As always your help will be very much appreciated and i will be sure to post some pics of my build.

Cheers,
BlackRat.


----------



## Phoney (28/5/13)

Unsettle the grain bed? What do you think is going to happen when you hoist the bag?

With a full volume mash you wont have a grain bed to speak of, most of the concerns you've mentioned usually only apply to traditional mash tuns. 

Your only concern should be getting a consistent temperature throughout your mash with no hot & cold spots.


----------



## QldKev (28/5/13)

I don't like lid mounted returns, it's shit in the way when taking off the lid.

Hose return is not a bad idea. You should have adequate flow that the top layer of wort is constantly mixing due to the return flow. So it's not going to cause it to track anywhere.

Vertical probe return into the grain bed. You would be returning half the wort to the lower section of the mash bad and draining it from the bottom. I prefer returning it all to the top and causing all of it to have to flow through the grain bed.

I just used a standard return arm for my 1V, exactly the same setup as per my 3V

http://www.youtube.com/watch?v=7eCaan0kcrI&feature=player_embedded


----------



## breakbeer (29/5/13)

Option 1 seems to work well for me (doesn't splash too much either), I have a stainless QD fitted to my lid & I just disconnect it & hang the hose over the edge of the pot whenever I need to remove the lid.

I also use one of those things that you find on washing machine hoses, which keeps it bent without kinking. Also helps with hooking it over the pot when the lid is removed

I've got one of Ross' 70L pots & it's great, but there are two Keg King elements in it & BOTH are required for the boil.
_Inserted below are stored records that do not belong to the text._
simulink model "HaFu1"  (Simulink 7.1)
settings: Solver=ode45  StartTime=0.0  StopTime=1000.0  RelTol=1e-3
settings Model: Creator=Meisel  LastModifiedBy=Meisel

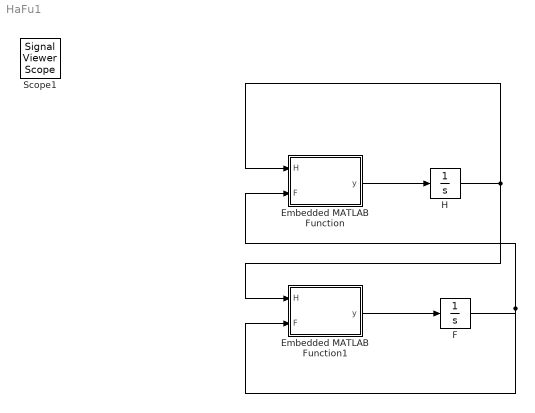
== system HaFu1 ==
  Embedded MATLAB Function : Stateflow chart
  Embedded MATLAB Function1 : Stateflow chart
  F : Integrator  InitialCondition=50
  H : Integrator  InitialCondition=200
  Scope1 : SignalViewerScope  IOType=viewer  RefreshTime=0.035000
      settings: TimeRange=1000  YMin=20  YMax=220
  wires:
  Embedded MATLAB Function/1(y) -> H/1
  H/1 -> Embedded MATLAB Function/1(H), Embedded MATLAB Function1/1(H)
  F/1 -> Embedded MATLAB Function/2(F), Embedded MATLAB Function1/2(F)
  Embedded MATLAB Function1/1(y) -> F/1

== matlab function Embedded MATLAB Function1 ==
  data: H input double; y output double; F input double
function y = fcn(H, F)
% This block supports the Embedded MATLAB subset.
% See the help menu for details. 

y = -0.01*F + 0.0001*H*F - 0.000000001*F*F;

== matlab function Embedded MATLAB Function ==
  data: H input double; y output double; F input double
function y = fcn(H, F)
% This block supports the Embedded MATLAB subset.
% See the help menu for details. 

y = 0.02*H - 0.0005*H*F - 0.00000001*H*H;

One is definitely enough to hold mash temps though


----------



## Dan Pratt (29/5/13)

here is an option for wort return, copper tubing. I used annealed copper pipe and bent it into shape and drilled the holes. this one here shows a little joinery and holes to disperse the return wort. make sure you google WORMS-BIAB and read up about what they done.


----------



## beerdrinkingbob (29/5/13)

QldKev said:


> I don't like lid mounted returns, it's shit in the way when taking off the lid.
> 
> Hose return is not a bad idea. You should have adequate flow that the top layer of wort is constantly mixing due to the return flow. So it's not going to cause it to track anywhere.
> 
> ...


what sort of fermenter efficiency do you get with that rig Kev, not sure whether to go a system that agitates the grains


----------



## Moad (29/5/13)

Mine was inspired by Kev but I just have a straight copper arm in from the side with some holes drilled to "rain" the wort back down. I adjust the pressure at the bottom return (which circulates across the element to stop scorching) which regulates the flow through the top return. Basically identical to what you are talking about. I probably would have put the return through the lid but mine is a keggle with a glass frypan lid that can't be drilled.


----------



## Tex083 (29/5/13)

Im trying to work out something similar for my 3V system, here is my short list.
http://www.brewhardware.com/accessories/114-mashtube  $25 USD
http://shop.beerbelly.com.au/equipment/mash-equipment/return-dish-set.html $90
http://www.theelectricbrewery.com/mash-lauter-tun?page=3 $Not much its DIY
http://morebeer.com/products/ultimate-sparge-arm.html $150 USD

EDIT: http://www.grainandgrape.com.au/product_info.php?cPath=1_2_3&products_id=8260
Expensive for what it is but its off the shelf  $40 / $46 Sm/Lg

The one from More Beer is the best by far BUT its $156 AUD plus postage. The Electric Brewery one and the Brew Hardware are very similar, the advantage to using Loc Line over silicone hose is that Locline will say where you put it. The beer Belly one is a great price and with a ball valve it would give you the ability to sparge too.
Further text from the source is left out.